— EXERCISE —
Below are some records. Output the lines from the first one through the line that holds "[diagram v1b: schematic, after]", exactly as written, with no pictures.

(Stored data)
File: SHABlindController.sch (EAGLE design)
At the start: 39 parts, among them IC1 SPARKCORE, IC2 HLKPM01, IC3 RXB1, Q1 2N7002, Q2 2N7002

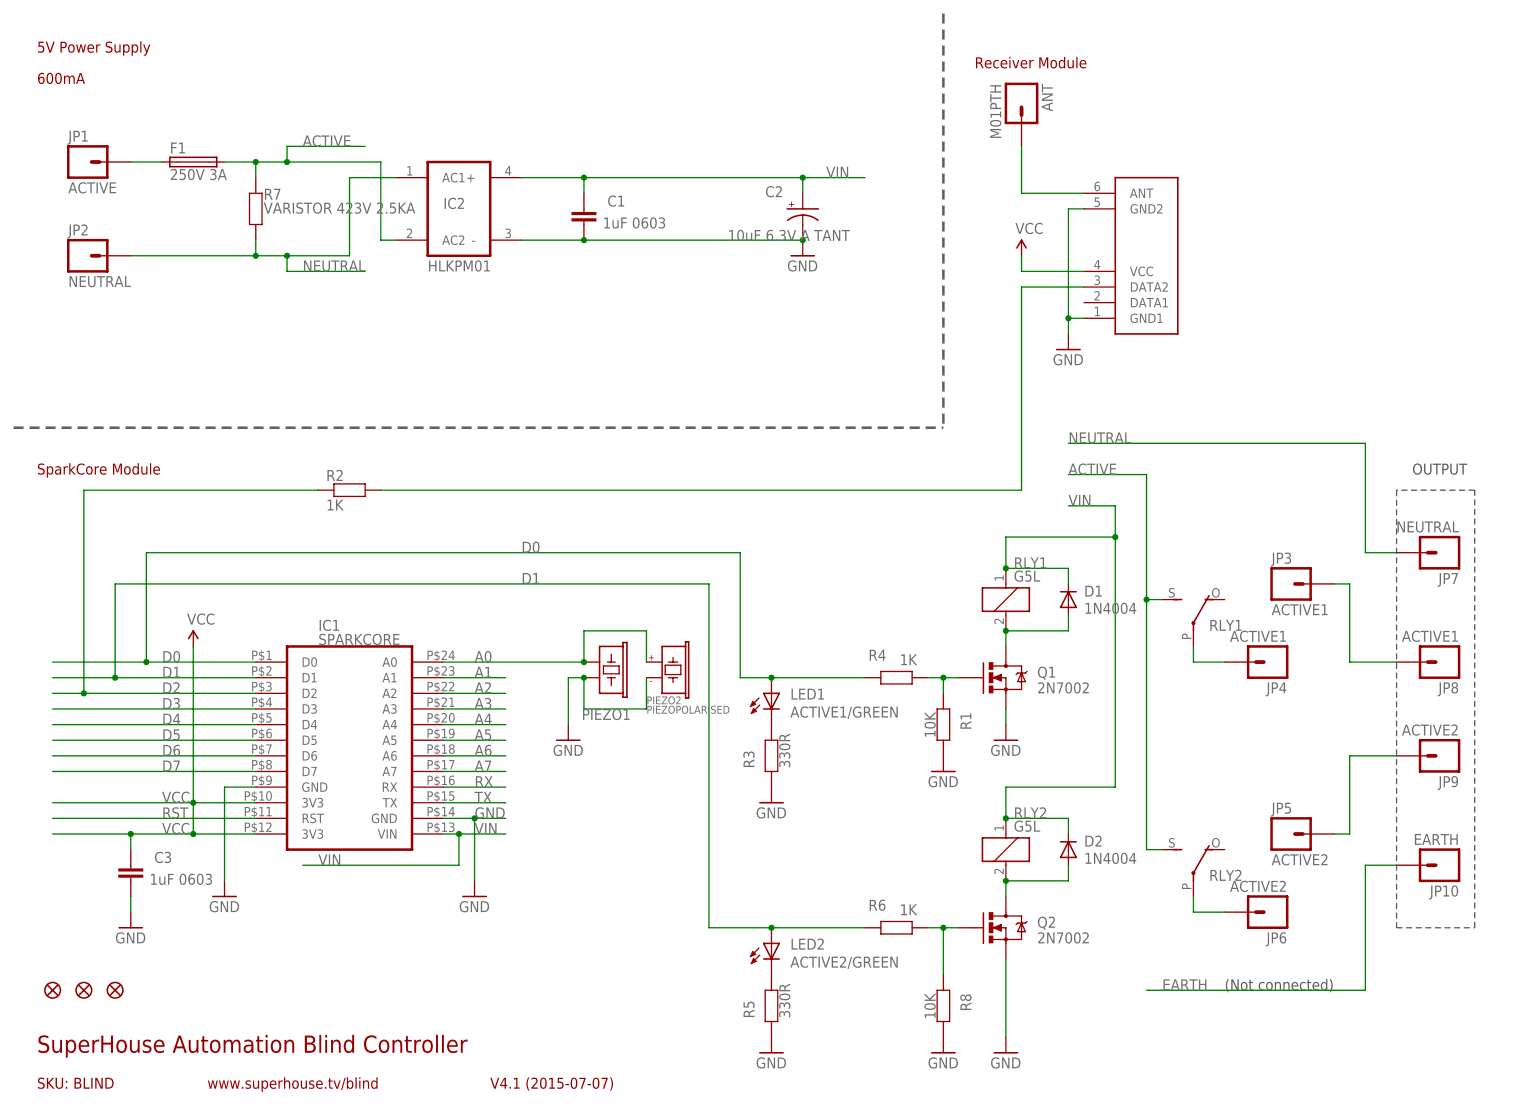
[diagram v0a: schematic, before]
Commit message: Added solder-jumper to link GND and Neutral Reduced spacing between relays Increased length of fuse footprint
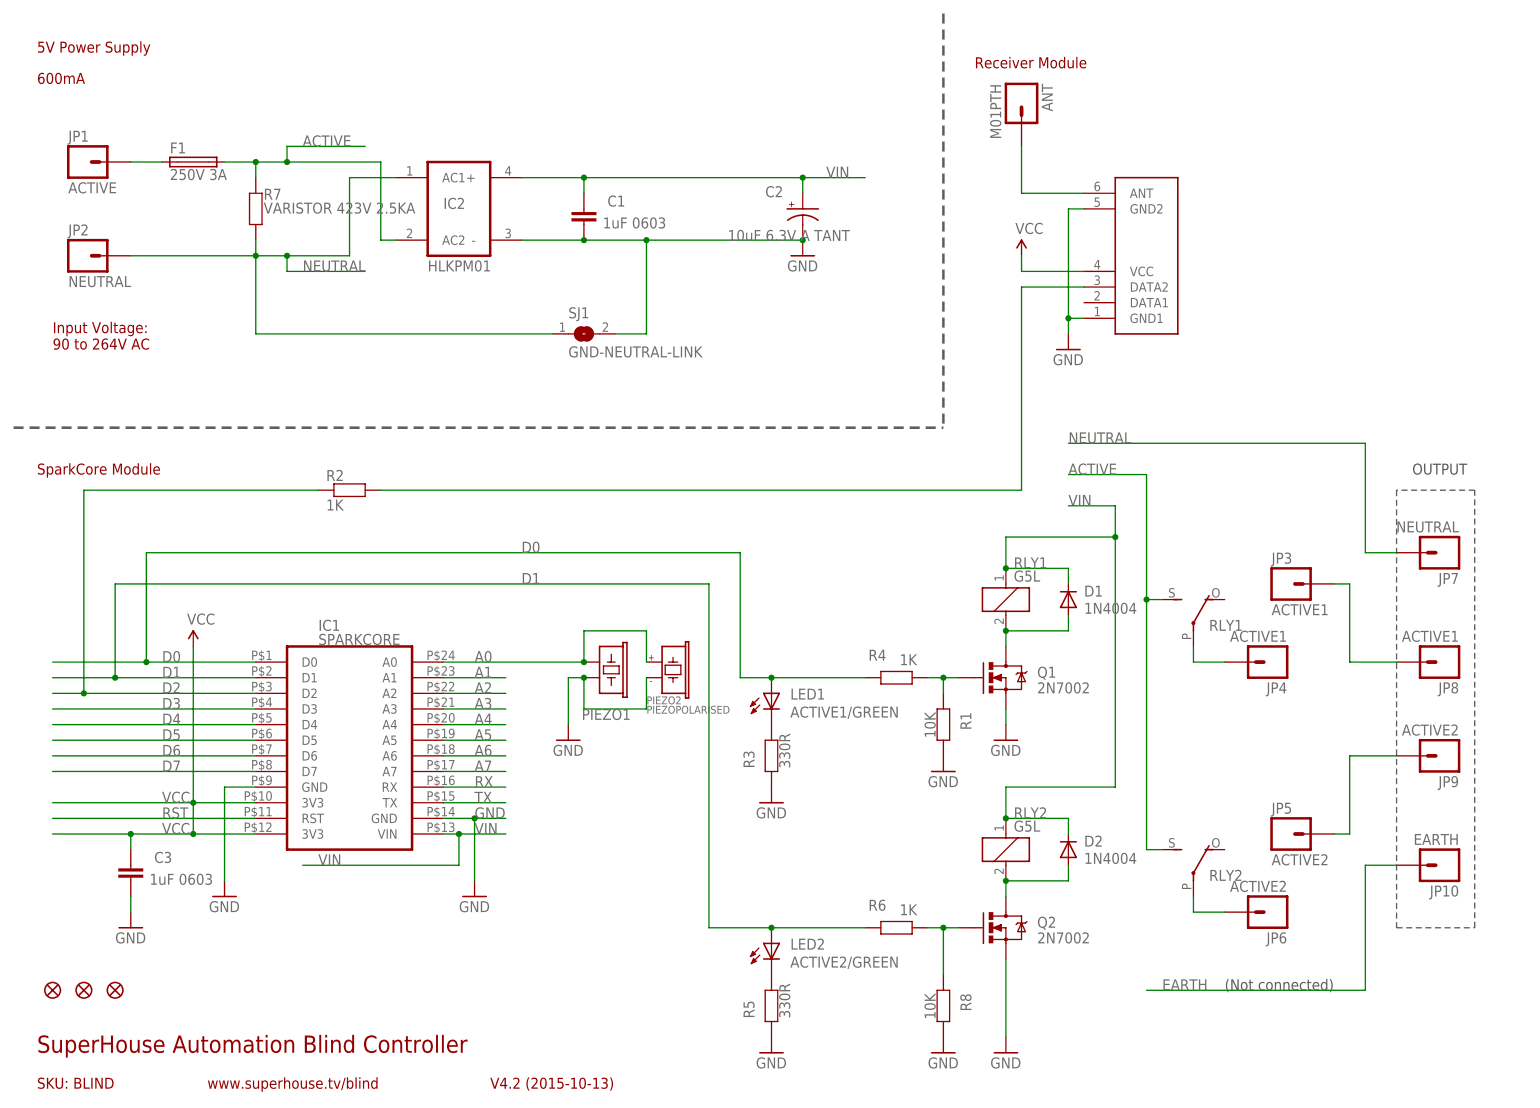
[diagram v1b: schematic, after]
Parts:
- added SJ1: GND-NEUTRAL-LINK, freetronics-master-v1.1:SJ
- F1: device freetronics-jon:PICOFUSE -> freetronics-jon:PICOFUSEH
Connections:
- net GND: now also SJ1.2
- net NEUTRAL: now also SJ1.1
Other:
- note added: "Input Voltage: 90 to 264V AC"
- note added: "V4.2 (2015-10-13)"
- note removed: "V4.1 (2015-07-07)"
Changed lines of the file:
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@@
 <part name="PIEZO2" library="freetronics-jon" deviceset="PIEZOPOLARISED" device=""/>
 <part name="IC2" library="freetronics-jon" deviceset="HLKPM01" device=""/>
-<part name="F1" library="freetronics-jon" deviceset="PICOFUSE" device="" value="250V 3A"/>
+<part name="F1" library="freetronics-jon" deviceset="PICOFUSE" device="H" value="250V 3A"/>
+<part name="SJ1" library="freetronics-master-v1.1" deviceset="SJ" device="" value="GND-NEUTRAL-LINK"/>
 </parts>
 <sheets>
@@
 <text x="7.62" y="170.18" size="1.778" layer="94">600mA</text>
 <text x="7.62" y="12.7" size="2.794" layer="94">SuperHouse Automation Blind Controller</text>
-<text x="81.28" y="6.858" size="1.778" layer="94">V4.1 (2015-07-07)</text>
+<text x="81.28" y="6.858" size="1.778" layer="94">V4.2 (2015-10-13)</text>
 <text x="35.306" y="6.858" size="1.778" layer="94">www.superhouse.tv/blind</text>
 <frame x1="0" y1="0" x2="248.92" y2="185.42" columns="8" rows="5" layer="94"/>
@@
 <text x="231.14" y="106.68" size="1.778" layer="97">OUTPUT</text>
 <text x="200.66" y="22.86" size="1.778" layer="97">(Not connected)</text>
+<text x="10.16" y="127" size="1.778" layer="94">Input Voltage:
+90 to 264V AC</text>
 </plain>
 <instances>
@@
 <instance part="IC2" gate="G$1" x="76.2" y="149.86"/>
 <instance part="F1" gate="1" x="33.02" y="157.48"/>
+<instance part="SJ1" gate="1" x="96.52" y="129.54"/>
 </instances>
 <busses>
@@
 <net name="GND" class="0">
 <segment>
-<wire x1="96.52" y1="144.78" x2="132.08" y2="144.78" width="0.1524" layer="91"/>
+<wire x1="96.52" y1="144.78" x2="106.68" y2="144.78" width="0.1524" layer="91"/>
 <junction x="96.52" y="144.78"/>
 <pinref part="C2" gate="G$1" pin="-"/>
 <pinref part="C1" gate="G$1" pin="2"/>
+<wire x1="106.68" y1="144.78" x2="132.08" y2="144.78" width="0.1524" layer="91"/>
 <wire x1="86.36" y1="144.78" x2="96.52" y2="144.78" width="0.1524" layer="91"/>
 <pinref part="GND10" gate="1" pin="GND"/>
 <junction x="132.08" y="144.78"/>
 <pinref part="IC2" gate="G$1" pin="-"/>
+<pinref part="SJ1" gate="1" pin="2"/>
+<wire x1="101.6" y1="129.54" x2="106.68" y2="129.54" width="0.1524" layer="91"/>
+<wire x1="106.68" y1="129.54" x2="106.68" y2="144.78" width="0.1524" layer="91"/>
+<junction x="106.68" y="144.78"/>
 </segment>
 <segment>
@@
 <wire x1="48.26" y1="139.7" x2="60.96" y2="139.7" width="0.1524" layer="91"/>
 <junction x="48.26" y="142.24"/>
+<pinref part="SJ1" gate="1" pin="1"/>
+<wire x1="91.44" y1="129.54" x2="43.18" y2="129.54" width="0.1524" layer="91"/>
+<wire x1="43.18" y1="129.54" x2="43.18" y2="142.24" width="0.1524" layer="91"/>
 </segment>
 <segment>
@@
 </schematic>
 </drawing>
+<compatibility>
+<note version="6.3" minversion="6.2.2" severity="warning">
+Since Version 6.2.2 text objects can contain more than one line,
+which will not be processed correctly with this version.
+</note>
+</compatibility>
 </eagle>

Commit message: Layout updates
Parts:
- removed JP10: EARTH, freetronics-master-v1.1:M01PTH_LARGE
- removed JP3, JP8: ACTIVE1, freetronics-master-v1.1:M01PTH_LARGE
- removed JP5, JP9: ACTIVE2, freetronics-master-v1.1:M01PTH_LARGE
- added C4: 100nF 0603, freetronics-master-v1.1:CAP0603
- added IC4: AH180-PL-A, freetronics-jon:US1881TO92
- added LED3: ROTATE/GREEN, freetronics:LED0603
- added R10: 1K 0603, freetronics-master-v1:RESISTOR0603
- added R11, R9: 10K 0603, freetronics-master-v1:RESISTOR0603
- added R12: 10K, freetronics:RESISTOR0603
- added S2: 2P-JST-PTH, freetronics-jon:2P-JST-TH-RAPTH
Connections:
- removed net D3: IC1.D3
- removed net D4: IC1.D4
- removed net D5: IC1.D5
- removed net EARTH: JP10.1
- removed net N$7: JP3.1, JP8.1
- removed net N$8: JP5.1, JP9.1
- new net D3_BUTTON: IC1.D3, R11.1, S2.POS
- new net D4_ROTATE: IC1.D4, IC4.OUT, R10.2, R9.1
- new net D5_TYPE: IC1.D5, R12.1
- new net N$11: LED3.C, R10.1
- net GND: now also C4.2, IC4.GND, R12.2, S2.NEG
- net VCC: now also C4.1, IC4.VDD, LED3.A, R11.2, R9.2
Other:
- note added: "2.0mm JST"
- note added: "Spark Core / Particle Photon Module"
- note added: "V5.0 (2015-11-15)"
- note removed: "(Not connected)"
- note removed: "SparkCore Module"
- note removed: "V4.2 (2015-10-13)"
- moved on the sheet: ANT, C1, C2, C3, D1, D2, F1, IC2, JP4, JP6, JP7, LED1

— WRITTEN ANSWER —
File: SHABlindController.sch (EAGLE design)
At the start: 39 parts, among them IC1 SPARKCORE, IC2 HLKPM01, IC3 RXB1, Q1 2N7002, Q2 2N7002

[diagram v0a: schematic, before]
Commit message: Added solder-jumper to link GND and Neutral Reduced spacing between relays Increased length of fuse footprint
[diagram v1b: schematic, after]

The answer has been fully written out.